Andy:  Judging from the picture I'd say at least half agin as high.

June:  Yup. Lots.  And many messes to clean up before I really got it.  Worth the effort though.


----------



## tommyyate (Apr 15, 2009)

Dave the Baker,

About the 1# sack of beans - I'm assuming that exercise is to work on my flipping skills (to which I have none)?  Is the idea to try to flip the sack 180 degrees using my wrist?

It sounds like you've tried cooking omelets with eggbeaters but without success, so its probably the eggs and butter that makes the difference.  In cooking episode by Alton, he suggested using warm eggs as opposed to eggs fresh out of the fridge (supposedly the french do it this way).  I wonder if warming egg beaters would have the same effect?


----------



## Andy M. (Apr 15, 2009)

tommy, one you learn the 'flip' you'll use it a lot.  

The curved side of the pan does the work.  If you pull the pan towards you sharply, the sack of beans is pushed into the opposite wall of the pan.  It follows the curve of the pan up into the air and flips.  All you have to do is have the pan in place to catch it when it comes down.


----------



## dave the baker (Apr 15, 2009)

I'm afraid I didn't myself entirely clear.  One *opens* the sack of dry beans and places the desired amount, starting small, into the pan in question.  Then proceed by giving the pan a small forward movement followed by the sharp jerk backwards as described by Andy.  This will cause the dry beans to move toward the far edge of the pan and the jerk will cause them to rise upward amd toward  the flipper.  The next job is to catch them in the pan.  Next step:  Pick the dry beans up off the floor and replace them in the pan.  Once you have successfully managed to flip a small amount of dry beans a lot of times *without* spilling them, increase the amount of dry beans and keep practicing.  Once you have the confidence, try making an omelet (keep the mop handy).  Get your pan very hot, add 1 Tbsp Butter and rapidly swirl it around the pan.  Add the pre-mixed eggs and tilt the pan about to cover the bottom.  Loosen the sides with a rapid motion of the spatula.  Add filling if desired.  With a practiced motion do the flipping motion to flip 1/3  of the omelet at the far end of the pan over; quickly repeat the motion to fold the 2/3 portion over the remaining one-third portion; slide onto a warm plate and serve at once.


----------



## Andy M. (Apr 15, 2009)

dave the baker said:


> ...Next step:  Pick the dry beans up off the floor and replace them in the pan...


----------



## chefcrafty (Apr 18, 2009)

it is all in the wrist, try practicing with toast


----------



## dave the baker (Apr 19, 2009)

That really doesn't compute, as we're dealing with a fluid.


----------



## msmofet (Apr 19, 2009)

Andy M. said:


>


 
ditto


----------



## msmofet (Apr 19, 2009)

dave the baker said:


> That really doesn't compute, as we're dealing with a fluid.
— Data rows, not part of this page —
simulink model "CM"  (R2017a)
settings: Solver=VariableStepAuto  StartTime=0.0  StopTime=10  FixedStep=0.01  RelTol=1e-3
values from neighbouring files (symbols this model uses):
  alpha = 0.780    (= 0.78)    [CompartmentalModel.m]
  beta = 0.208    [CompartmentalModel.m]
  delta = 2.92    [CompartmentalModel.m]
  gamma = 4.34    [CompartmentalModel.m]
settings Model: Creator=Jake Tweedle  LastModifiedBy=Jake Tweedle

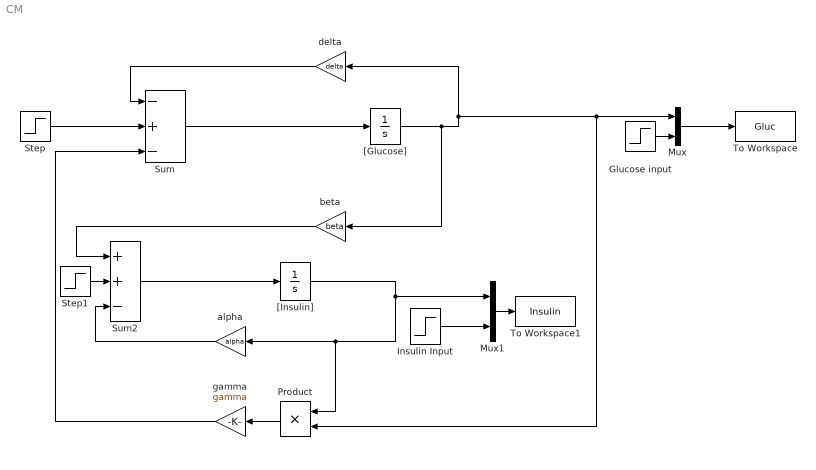
== system CM ==
  Glucose input : Step  After=0  SampleTime=0
  Insulin Input : Step  After=70  SampleTime=0
  Mux : Mux  Inputs=2
  Mux1 : Mux  Inputs=2
  Product : Product
  Step : Step  After=0  SampleTime=0
  Step1 : Step  After=70  SampleTime=0
  Sum : Sum  Inputs=-||+||-
  Sum2 : Sum  Inputs=+||+||-
  To Workspace : ToWorkspace  VariableName=Gluc  SaveFormat=Timeseries  SampleTime=-1
  To Workspace1 : ToWorkspace  VariableName=Insulin  SaveFormat=Timeseries  SampleTime=-1
  "[Glucose]" : Integrator
  "[Insulin]" : Integrator
  alpha : Gain  Gain=alpha
  beta : Gain  Gain=beta
  delta : Gain  Gain=delta
  gamma : Gain  Gain=gamma
  wires:
  Sum2/1 -> "[Insulin]"/1
  "[Glucose]"/1 -> Product/2, Mux/1, delta/1, beta/1
  Sum/1 -> "[Glucose]"/1
  gamma/1 -> Sum/3
  delta/1 -> Sum/1
  Step1/1 -> Sum2/2
  alpha/1 -> Sum2/3
  Step/1 -> Sum/2
  beta/1 -> Sum2/1
  Insulin Input/1 -> Mux1/2
  Glucose input/1 -> Mux/2
  Mux/1 -> To Workspace/1
  Mux1/1 -> To Workspace1/1
  "[Insulin]"/1 -> Mux1/1, Product/1, alpha/1
  Product/1 -> gamma/1
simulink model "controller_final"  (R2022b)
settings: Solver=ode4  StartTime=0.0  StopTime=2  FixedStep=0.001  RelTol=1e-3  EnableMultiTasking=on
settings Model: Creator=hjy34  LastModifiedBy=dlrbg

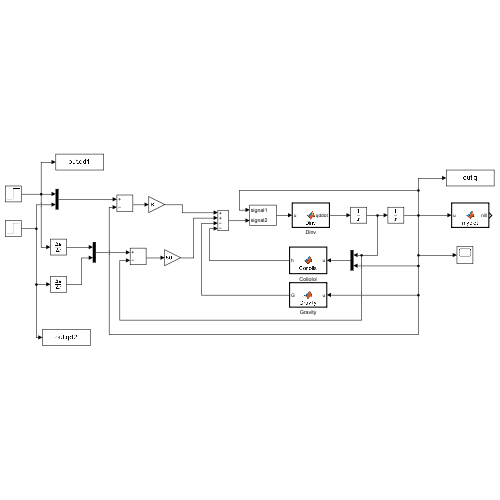
[thumbnail: Simulink's stored preview of the top-level diagram]
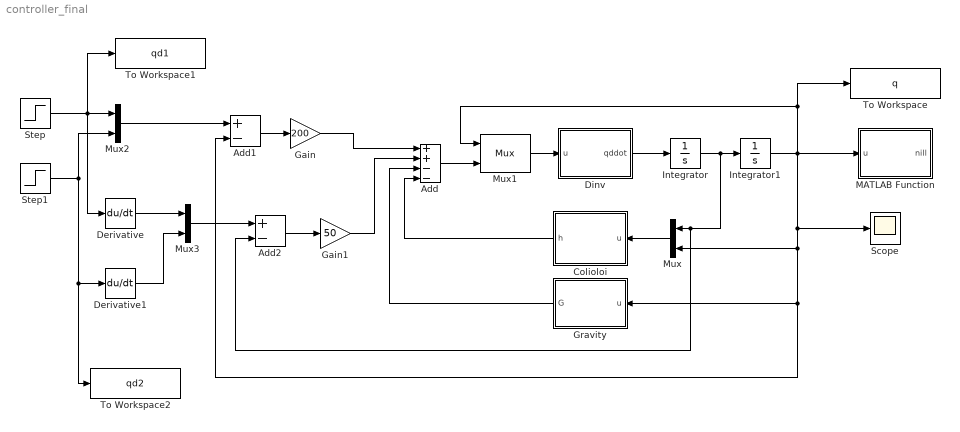
== system controller_final ==
  Add : Sum  Inputs=++--
  Add1 : Sum  Inputs=+-
  Add2 : Sum  Inputs=+-
  Colioloi : MATLAB Function  TreatAsAtomicUnit=on
  Derivative : Derivative
  Derivative1 : Derivative
  Dinv : MATLAB Function  TreatAsAtomicUnit=on
  Gain : Gain  Gain=200
  Gain1 : Gain  Gain=50
  Gravity : MATLAB Function  TreatAsAtomicUnit=on
  Integrator : Integrator  InitialCondition=[0 0]'
  Integrator1 : Integrator  InitialCondition=[-0.4538 -0.4538]'
  MATLAB Function : MATLAB Function  TreatAsAtomicUnit=on
  Mux{,1..3} (4 alike) : Mux  Inputs=2
      Mux1 settings: DisplayOption=signals
  Scope : Scope
  Step : Step  Time=2  SampleTime=0
  Step1 : Step  Time=2  SampleTime=0  VectorParams1D=off
  To Workspace : ToWorkspace  VariableName=q  SaveFormat=Timeseries  SampleTime=-1
  To Workspace1 : ToWorkspace  VariableName=qd1  SaveFormat=Timeseries  SampleTime=-1
  To Workspace2 : ToWorkspace  VariableName=qd2  SaveFormat=Timeseries  SampleTime=-1
  wires:
  Dinv/1(qddot) -> Integrator/1
  Integrator/1 -> Add2/2, Mux/1, Integrator1/1
  Mux/1 -> Colioloi/1(u)
  Add1/1 -> Gain/1
  Add/1 -> Mux1/2
  Mux1/1 -> Dinv/1(u)
  Integrator1/1 -> Gravity/1(u), Add1/2, Mux/2, Scope/1, Mux1/1, To Workspace/1, MATLAB Function/1(u)
  Step/1 -> Derivative/1, Mux2/1, To Workspace1/1
  Mux2/1 -> Add1/1
  Step1/1 -> To Workspace2/1, Derivative1/1, Mux2/2
  Derivative/1 -> Mux3/1
  Derivative1/1 -> Mux3/2
  Mux3/1 -> Add2/1
  Add2/1 -> Gain1/1
  Gain1/1 -> Add/2
  Gain/1 -> Add/1
  Colioloi/1(h) -> Add/4
  Gravity/1(G) -> Add/3

== matlab function controller_final/Dinv ==
  data: u input; qddot output
function qddot = Dinv(u)
m1=1;m2=1;l1=0.4;l2=0.4;
q1=u(1);q2=u(2);
d11=(m1+m2)*l1^2 + m2*l2^2 + 2*m2*l1*l2*cos(q2);
d12=m2*l2^2 + m2*l1*l2*cos(q2);
d21=m2*l2^2 + m2*l1*l2*cos(q2);
d22=m2*l2^2;
D=[d11 d12;d21 d22];
D_inv = inv(D);
C_input=[u(3);u(4)];
qddot = ((D_inv) * C_input);

== matlab function controller_final/Colioloi ==
  data: u input; h output
function h = Coriolis(u)
dotq1=u(1);dotq2=u(2);q1=u(3);q2=u(4);
m1=5;m2=5;l1=0.4;l2=0.4;
h1=-m2*l1*l2*sin(q2)*(2*dotq1*dotq2+dotq2^2);
h2=m2*l1*l2*dotq1^2*sin(q2);
h = [h1;h2];

== matlab function controller_final/MATLAB Function ==
  data: u input; nill output
function nill = myplot(u)
q1=u(1);q2=u(2);
x1=cos(q1);
y1=sin(q1);
x2=x1+cos(q1+q2);
y2=y1+sin(q1+q2);
plot([0 x1 x2],[0 y1 y2]);
axis([-2 2 0 2]);
nill=0;

== matlab function controller_final/Gravity ==
  data: u input; G output
function G = Gravity(u)
m1=5;m2=5;l1=0.4;l2=0.4;g=9.8;
q1=u(1);q2=u(2);
G1=(m1+m2)*g*l1*cos(q1) + m2*g*l2*cos(q1+q2);
G2=m2*g*l2*cos(q1+q2);
G=[G1;G2];
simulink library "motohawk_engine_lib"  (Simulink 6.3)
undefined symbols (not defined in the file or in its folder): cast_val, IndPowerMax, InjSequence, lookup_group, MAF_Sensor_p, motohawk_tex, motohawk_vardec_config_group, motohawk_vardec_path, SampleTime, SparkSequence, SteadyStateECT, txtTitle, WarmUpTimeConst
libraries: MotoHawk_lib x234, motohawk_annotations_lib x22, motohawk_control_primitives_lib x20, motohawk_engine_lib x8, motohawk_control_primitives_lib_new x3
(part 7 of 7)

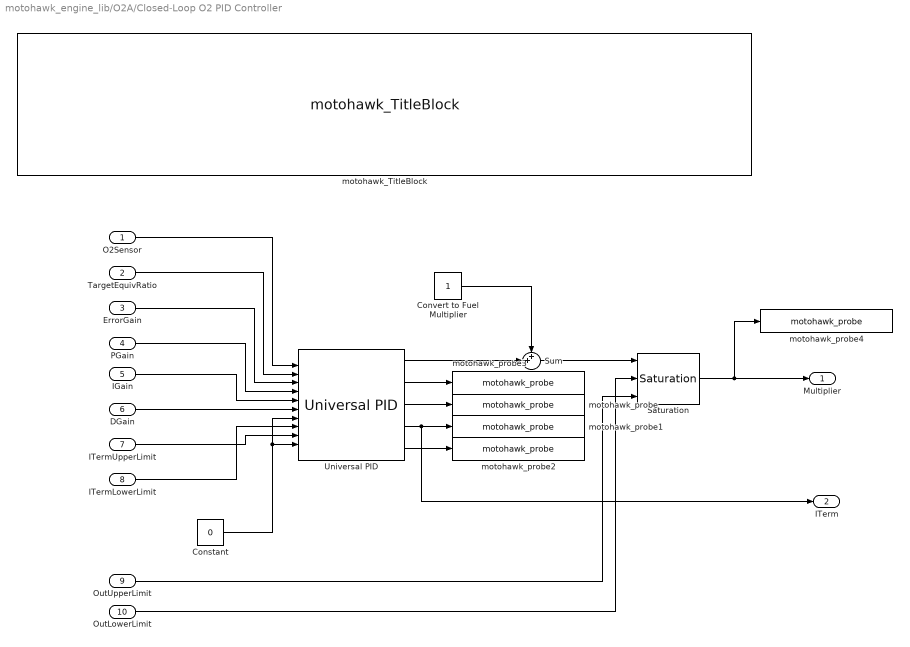
== system motohawk_engine_lib/O2A/Closed-Loop O2 PID Controller ==
  O2Sensor : Inport
  TargetEquivRatio : Inport  Port=2
  ErrorGain : Inport  Port=3
  PGain : Inport  Port=4
  IGain : Inport  Port=5
  DGain : Inport  Port=6
  ITermUpperLimit : Inport  Port=7
  ITermLowerLimit : Inport  Port=8
  OutUpperLimit : Inport  Port=9
  OutLowerLimit : Inport  Port=10
  Constant : Constant  Value=0
  Convert to Fuel Multiplier : Constant
  Saturation : motohawk_control_primitives_lib/Saturation
  Sum : Sum  Inputs=++|  SaturateOnIntegerOverflow=on  InputSameDT=on
  Universal PID : motohawk_control_primitives_lib/Universal PID  Description=|  samp_time=-1
      | /* Name: ErrorGain Unit:mult ClassID:VAR StorageID:FLASH Access:RW4+RW3+NA2+NA1 TypeID:UINT4                   
      |    Gain:0.000000001 Min:0.000000000 Max:4.000000000 Format:10.9 UpdateID:REMOTE Help:"This gain is applied to "
      |    "the error term before it is used to calculate the P, I and D terms." VardecSig:6C */                       
      |                                                                                                                
      | /* Name: ITermLowerLim Unit:0 ClassID:VAR StorageID:FLASH Access:RW4+RW3+NA2+NA1 TypeID:SINT2 Gain:0.1         
      |    Min:-3276.8 Max:3276.7 Format:5.1 UpdateID:REMOTE Help:"Lower limit on the I-term value." VardecSig:6C */   
      |                                                                                                                
      | /* Name: ITermUpperLim ClassID:VAR StorageID:FLASH Access:RW4+RW3+NA2+NA1 TypeID:SINT2 Gain:0.1 Min:-3276.8    
      |    Max:3276.7 Format:5.1 UpdateID:REMOTE Help:"Upper limit on I-term value." VardecSig:6C */                   
      |                                                                                                                
      | /* Name: PIDOutLowerLim ClassID:VAR StorageID:FLASH Access:RW4+RW3+NA2+NA1 TypeID:SINT2 Gain:0.1               
      |    Min:-3276.8 Max:3276.7 Format:5.1 UpdateID:REMOTE Help:"Lower limit on PID output." VardecSig:6C */         
      |                                                                                                                
      | /* Name: PIDOutUpperLim ClassID:VAR StorageID:FLASH Access:RW4+RW3+NA2+NA1 TypeID:SINT2 Gain:0.1               
      |    Min:-3276.8 Max:3276.7 Format:3.1 UpdateID:REMOTE Help:"Upper limit on PID output." VardecSig:6C */
  motohawk_TitleBlock : motohawk_annotations_lib/motohawk_TitleBlock  BlockType_='Mototron_Title_Block'  ttl=[txtTitle '\newline\rmClosed-loop O2 Control - PID for Bank A']  copyright="'THE INFORMATION CONTAINED IN THIS\\newlineDRAWING IS THE SOLE PROPERTY OF\\newlineMOTOTRON.  ANY REPRODUCTION IN\\newline PART OR AS A WHOLE WITHOUT THE\\newlineWRITTEN PERMISSION OF MOTOTRON\\newline IS PROHIBITED.\\fontsize{16}\\rm\\copyright\\rm\\fontsize{10} 2005'"  address='\fontsize{22}\it\fontname{Arial Black}MotoTron Corporation \fontname{Arial}\fontsize{10}\newline505 Marion Road, Oshkosh, WI, 54901\newlinewww.mototron.com (734) 822-7700'  image_file='mh.jpg'  pretty_print=on  edit_text=[motohawk_tex(get_param(bdroot, 'Description')) '\rm\newline' motohawk_tex(get_param(gcs, 'Name'))]  edit_as=6
  motohawk_probe : MotoHawk_lib/Calibration & Probing Blocks/motohawk_probe  nam=['O2Control_PTerm' bank]  show_more=on  name_source=Use Parameter  read_level=1  view_as=Number  enum_struct={'Disabled', 'Enabled'}  vector_style=Wide Row  use_help_units=on  help=['Closed-loop O2 control P-Term, for bank ' bank]  units='mult'  use_header_enum=off  row_header_enum={}  col_header_enum={}  use_precision=off  precision=''  gain=1  offset=0  exp=1  use_mototune_group=on  mototune_group=display_group
  motohawk_probe1 : MotoHawk_lib/Calibration & Probing Blocks/motohawk_probe  nam=['O2Control_ITerm' bank]  show_more=on  name_source=Use Parameter  read_level=1  view_as=Number  enum_struct={'Disabled', 'Enabled'}  vector_style=Wide Row  use_help_units=on  help=['Closed-loop O2 control I-Term, for bank ' bank]  units='mult'  use_header_enum=off  row_header_enum={}  col_header_enum={}  use_precision=off  precision=''  gain=1  offset=0  exp=1  use_mototune_group=on  mototune_group=display_group
  motohawk_probe2 : MotoHawk_lib/Calibration & Probing Blocks/motohawk_probe  nam=['O2Control_DTerm' bank]  show_more=on  name_source=Use Parameter  read_level=1  view_as=Number  enum_struct={'Disabled', 'Enabled'}  vector_style=Wide Row  use_help_units=on  help=['Closed-loop O2 control D-Term, for bank ' bank]  units='mult'  use_header_enum=off  row_header_enum={}  col_header_enum={}  use_precision=off  precision=''  gain=1  offset=0  exp=1  use_mototune_group=on  mototune_group=display_group
  motohawk_probe3 : MotoHawk_lib/Calibration & Probing Blocks/motohawk_probe  nam=['O2Control_ErrorTerm' bank]  show_more=on  name_source=Use Parameter  read_level=1  view_as=Number  enum_struct={'Disabled', 'Enabled'}  vector_style=Wide Row  use_help_units=on  help=['Closed-loop O2 control error-term, for bank ' bank]  units='mult'  use_header_enum=off  row_header_enum={}  col_header_enum={}  use_precision=off  precision=''  gain=1  offset=0  exp=1  use_mototune_group=on  mototune_group=display_group
  motohawk_probe4 : MotoHawk_lib/Calibration & Probing Blocks/motohawk_probe  nam=['O2FuelMult' bank]  show_more=on  name_source=Use Parameter  read_level=1  view_as=Number  enum_struct={'Disabled', 'Enabled'}  vector_style=Wide Row  use_help_units=on  help=['Closed-loop O2 control fuel multiplier, for bank ' bank]  units='mult'  use_header_enum=off  row_header_enum={}  col_header_enum={}  use_precision=off  precision=''  gain=1  offset=0  exp=1  use_mototune_group=on  mototune_group=display_group
  Multiplier : Outport
  ITerm : Outport  Port=2
  wires:
  Universal PID/2 -> motohawk_probe3/1
  OutLowerLimit/1 -> Saturation/2
  ITermLowerLimit/1 -> Universal PID/8
  ITermUpperLimit/1 -> Universal PID/9
  Sum/1 -> Saturation/1
  Universal PID/1 -> Sum/2
  Convert to Fuel Multiplier/1 -> Sum/1
  OutUpperLimit/1 -> Saturation/3
  DGain/1 -> Universal PID/6
  IGain/1 -> Universal PID/5
  PGain/1 -> Universal PID/4
  ErrorGain/1 -> Universal PID/3
  TargetEquivRatio/1 -> Universal PID/2
  O2Sensor/1 -> Universal PID/1
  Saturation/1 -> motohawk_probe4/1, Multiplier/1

 well ummmmmmmmmmm beans aren't fluid either  and toast has a bit more mass like an omelet. jmtc


----------



## dave the baker (Apr 19, 2009)

well ummmmmmmmmmmmmmmm beans behave more like a fluid than a somewhat crisp rectangle of bread.  Dry beans are used as a substitute for the eggs as they are easier to sweep up.  Once you have mastered the technique you are free to flip anything you like, toast, road apples or whatever........................


----------



## msmofet (Apr 19, 2009)

dave the baker said:


> well ummmmmmmmmmmmmmmm beans behave more like a fluid than a somewhat crisp rectangle of bread. Dry beans are used as a substitute for the eggs as they are easier to sweep up. Once you have mastered the technique you are free to flip anything you like, toast, road apples or whatever........................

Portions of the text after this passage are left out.